Mais cette lutte mortifère s’est aussi accompagnée d’un combat tout aussi acharné contre le charbon, le pétrole et le gaz, pour le coup en référence au changement climatique et à l’émission de CO2, gaz carbonique, à origine de combustion d’hydrocarbures. Alors qu’une crise due au surinvestissement écrasait à partir de 2005 le secteur pétrolier et gazier, les coups de butoir contre les fossiles dans notre pays fragilisaient le secteur dit « para pétrolier », c’est-à-dire les sous-traitants des producteurs. Les sociétés concernées ont fait la une Vallourec (les tuyaux) avec sa filiale Ascoval, la Compagnie Générale de Géophysique (ou CGG), Technip (ingénierie), tandis que l’offensive sur le carburant diesel amputait progressivement l’industrie automobile nationale et celle de ses composants. 


« Gouverner c’est prévoir » dit l’adage, hé bien chez nous, pas du tout, on décide des mesures et après on se lamente. Mais ici ce n’est ni la mondialisation ni la faiblesse technique qui ont mis en péril les industries nationales, ce sont les décisions du pouvoir politique avide du soutien de l’écologie politique pour convaincre les électeurs. Notre compétence s’effrite donc et nos industriels essaient désespérément de trouver des remèdes pour conserver aptitudes et emplois chez nous. Nous ne voulons plus de pétrole et de gaz chez nous, nous en importons, nous méprisons les sociétés qui en sont les promoteurs et nous les montrons du doigt lorsqu’elles veulent survivre…grâce à la politique de tous les pays sauf le nôtre.
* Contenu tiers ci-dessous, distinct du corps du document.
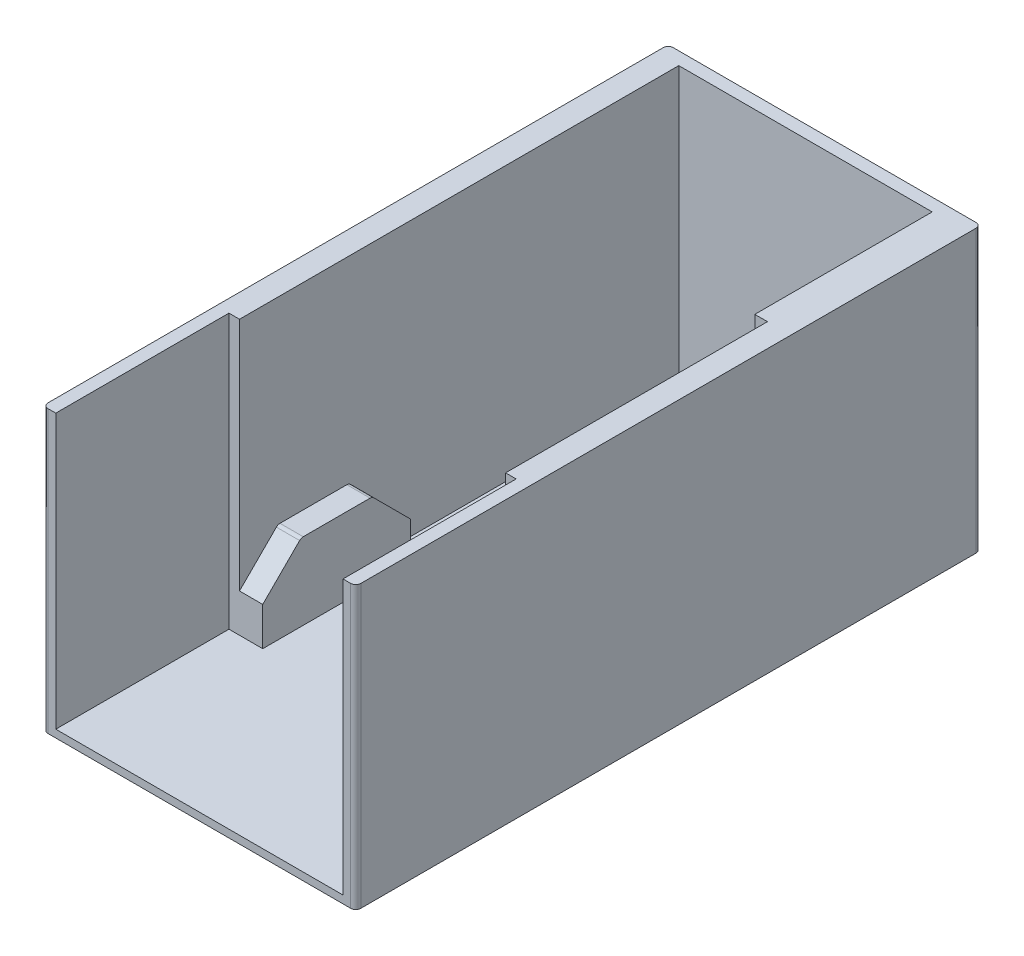
SolidWorks part; units mm, degrees
ref_plane "Front Plane" through (0, 0, 0) normal (0, 0, 1) x (1, 0, 0)
ref_plane "Top Plane" through (0, 0, 0) normal (0, 1, 0) x (1, 0, 0)
ref_plane "Right Plane" through (0, 0, 0) normal (1, 0, 0) x (0, 0, -1)
sketch "Sketch1" plane through (0, 0, 0) normal (0, 1, 0) x (1, 0, 0)
  line L0 (0, 0) -> (0, 2095.5) construction
  line L1 (-863.6, -520.7) -> (863.6, -520.7)
  line L2 (-863.6, -520.7) -> (-863.6, 520.7)
  line L3 (-863.6, 520.7) -> (863.6, 520.7)
  line L4 (863.6, -520.7) -> (863.6, 520.7)
  line L5 (-863.6, -520.7) -> (863.6, 520.7) construction
  line L6 (-863.6, 520.7) -> (863.6, -520.7) construction
  line L7 (-660.4, 520.7) -> (660.4, 520.7)
  line L8 (-660.4, 520.7) -> (-660.4, 1409.7)
  line L9 (-660.4, 1409.7) -> (660.4, 1409.7)
  line L10 (660.4, 520.7) -> (660.4, 1409.7)
  line L12 (-800.1, 1409.7) -> (800.1, 1409.7)
  line L13 (-800.1, 1409.7) -> (-800.1, 2095.5)
  line L14 (-800.1, 2095.5) -> (800.1, 2095.5)
  line L15 (800.1, 1409.7) -> (800.1, 2095.5)
  line L16 (-800.1, 2095.5) -> (723.9, 2095.5)
  line L17 (-800.1, 2095.5) -> (-800.1, 3162.3)
  line L18 (-800.1, 3162.3) -> (723.9, 3162.3)
  line L19 (723.9, 2095.5) -> (723.9, 3162.3)
  point P0 (0, 0)
  point P10 (0, 1409.7)
  point P13 (0, 2095.5)
  dimension "D1" = 1727.2
  dimension "D2" = 1041.4
  dimension "D3" = 1320.8
  dimension "D4" = 889
  dimension "D5" = 1600.2
  dimension "D6" = 685.8
  dimension "D7" = 1524
  dimension "D8" = 1066.8
sketch "Sketch2" plane through (0, 0, 0) normal (0, 1, 0) x (1, 0, 0)
  line L0 (-275, 3062.3) -> (-275, 3012.3) construction
  line L1 (-450, 3012.3) -> (-100, 3012.3)
  line L2 (-450, 3012.3) -> (-450, 2512.3)
  line L3 (-450, 2512.3) -> (-100, 2512.3)
  line L4 (-100, 3012.3) -> (-100, 2512.3)
  line L5 (-500, 3062.3) -> (-50, 3062.3)
  line L6 (-500, 3062.3) -> (-500, 2462.3)
  line L7 (-500, 2462.3) -> (-50, 2462.3)
  line L8 (-50, 3062.3) -> (-50, 2462.3)
  line L9 (-450, 2762.3) -> (-500, 2762.3) construction
  line L10 (100, 3012.3) -> (100, 2512.3)
  line L11 (100, 3012.3) -> (450, 3012.3)
  line L12 (450, 3012.3) -> (450, 2512.3)
  line L13 (100, 2512.3) -> (450, 2512.3)
  line L14 (50, 3062.3) -> (50, 2462.3)
  line L15 (50, 3062.3) -> (500, 3062.3)
  line L16 (500, 3062.3) -> (500, 2462.3)
  line L17 (50, 2462.3) -> (500, 2462.3)
  line L18 (100, 2312.3) -> (100, 1812.3)
  line L19 (100, 2312.3) -> (450, 2312.3)
  line L20 (450, 2312.3) -> (450, 1812.3)
  line L21 (100, 1812.3) -> (450, 1812.3)
  line L22 (50, 2362.3) -> (50, 1762.3)
  line L23 (50, 2362.3) -> (500, 2362.3)
  line L24 (500, 2362.3) -> (500, 1762.3)
  line L25 (50, 1762.3) -> (500, 1762.3)
  line L26 (100, 1612.3) -> (100, 1112.3)
  line L27 (100, 1612.3) -> (450, 1612.3)
  line L28 (450, 1612.3) -> (450, 1112.3)
  line L29 (100, 1112.3) -> (450, 1112.3)
  line L30 (50, 1662.3) -> (50, 1062.3)
  line L31 (50, 1662.3) -> (500, 1662.3)
  line L32 (500, 1662.3) -> (500, 1062.3)
  line L33 (50, 1062.3) -> (500, 1062.3)
  line L34 (100, 912.3) -> (100, 412.3)
  line L35 (100, 912.3) -> (450, 912.3)
  line L36 (450, 912.3) -> (450, 412.3)
  line L37 (100, 412.3) -> (450, 412.3)
  line L38 (50, 962.3) -> (50, 362.3)
  line L39 (50, 962.3) -> (500, 962.3)
  line L40 (500, 962.3) -> (500, 362.3)
  line L41 (50, 362.3) -> (500, 362.3)
  line L42 (-450, 2312.3) -> (-450, 1812.3)
  line L43 (-450, 2312.3) -> (-100, 2312.3)
  line L44 (-100, 2312.3) -> (-100, 1812.3)
  line L45 (-450, 1812.3) -> (-100, 1812.3)
  line L46 (-500, 2362.3) -> (-500, 1762.3)
  line L47 (-500, 2362.3) -> (-50, 2362.3)
  line L48 (-50, 2362.3) -> (-50, 1762.3)
  line L49 (-500, 1762.3) -> (-50, 1762.3)
  line L50 (-450, 1612.3) -> (-450, 1112.3)
  line L51 (-450, 1612.3) -> (-100, 1612.3)
  line L52 (-100, 1612.3) -> (-100, 1112.3)
  line L53 (-450, 1112.3) -> (-100, 1112.3)
  line L54 (-500, 1662.3) -> (-500, 1062.3)
  line L55 (-500, 1662.3) -> (-50, 1662.3)
  line L56 (-50, 1662.3) -> (-50, 1062.3)
  line L57 (-500, 1062.3) -> (-50, 1062.3)
  line L58 (-450, 912.3) -> (-450, 412.3)
  line L59 (-450, 912.3) -> (-100, 912.3)
  line L60 (-100, 912.3) -> (-100, 412.3)
  line L61 (-450, 412.3) -> (-100, 412.3)
  line L62 (-500, 962.3) -> (-500, 362.3)
  line L63 (-500, 962.3) -> (-50, 962.3)
  line L64 (-50, 962.3) -> (-50, 362.3)
  line L65 (-500, 362.3) -> (-50, 362.3)
  line L66 (-450, 3012.3) -> (100, 3012.3) construction
  line L67 (-450, 3012.3) -> (-450, 2312.3) construction
  line L68 (-50, 3062.3) -> (50, 3062.3) construction
  line L69 (0, 3062.3) -> (0, 2095.5) construction
  line L70 (-500, 2462.3) -> (-500, 2362.3)
  line L71 (-550, 3112.3) -> (550, 3112.3)
  line L72 (-550, 3112.3) -> (-550, 312.3)
  line L73 (-550, 312.3) -> (550, 312.3)
  line L74 (550, 3112.3) -> (550, 312.3)
  line L75 (-800.1, 3162.3) -> (723.9, 3162.3) construction
  dimension "D1" = 350
  dimension "D2" = 500
  dimension "D3" = 450
  dimension "D4" = 600
  dimension "D5" = 2
  dimension "D7" = 90
  dimension "D8" = 550
  dimension "D9" = 50
  dimension "D10" = 50
  dimension "D11" = 50
  dimension "D12" = 50
  dimension "D13" = 100
  dimension "D14" = 50
  dimension "D6" = 4
sketch "Resized Everything" plane through (0, 0, 0) normal (0, 1, 0) x (1, 0, 0)
  line L85 (-790.321, 2977.388) -> (-697.865, 2977.388)
  line L86 (-697.865, 2977.388) -> (-697.865, 3039.618)
  line L87 (-790.321, 3039.618) -> (-697.865, 3039.618)
  line L88 (-790.321, 2977.388) -> (-790.321, 3039.618)
  line L89 (-804.545, 2904.49) -> (-683.641, 2904.49)
  line L90 (-683.641, 2904.49) -> (-683.641, 2977.388)
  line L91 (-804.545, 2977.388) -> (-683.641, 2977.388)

La société Technip a failli mourir de l’absence de marché intérieur qui ne représente plus que 1% de son chiffre d’affaires. Elle a tenté une manœuvre de rapprochement avec la CGG interdite par le pouvoir politique. Elle n’a du son salut qu’à un rapprochement avec son partenaire américain FMC. J’ai soutenu en son temps cette solution présentée, à tort, comme une américanisation de ce fleuron français. Mais il fallait réfléchir, comment survivre à partir d’un pays qui veut éradiquer le pétrole et le gaz de la planète alors que ses compétences sont sur ce secteur d’activités ? Comment demeurer un commerçant mondial d’alcool à partir d’un Etat qui promeut la prohibition (l’Arabie Saoudite par exemple). Technip a fait le bon choix en s’expatriant, non aux USA mais en Grande Bretagne et en maintenant les activités essentielles, le personnel, en France. Ce qui est arrivé dans cet univers national anti pétrole et gaz est un miracle ! Certes le PDG et la Directrice financière sont américains, mais cette fusion a conduit à la première compagnie mondiale de projets intégrés Subsea (mer profonde) , à un renouveau de commandes nouvelles, à une confiance des investisseurs (le titre a repris 20%) , à un maintien du maximum du personnel français tandis que des coupes avaient lieu aux USA et en Norvège, à la construction du pole technique Technip-FMC à Nanterre qui regroupera 3500 personnes , au maintien des 8 sites français …Technip-FMC est devenu la référence mondiale dans le Gaz Naturel Liquéfié (GNL) avec la réussite extraordinaire de Yamal en Russie (Total-Novatek) et celle de Prélude en Australie (Shell). Technip-FMC est présent sur tous les continents, subsea, onshore, offshore, surface et les techniciens viennent de Six nationalités avec 30% de femmes, l’implantation française a donc été maintenue dans notre pays, celui qui prône la prohibition et qui interdit à notre producteur national d’être sponsor des Jeux Olympiques !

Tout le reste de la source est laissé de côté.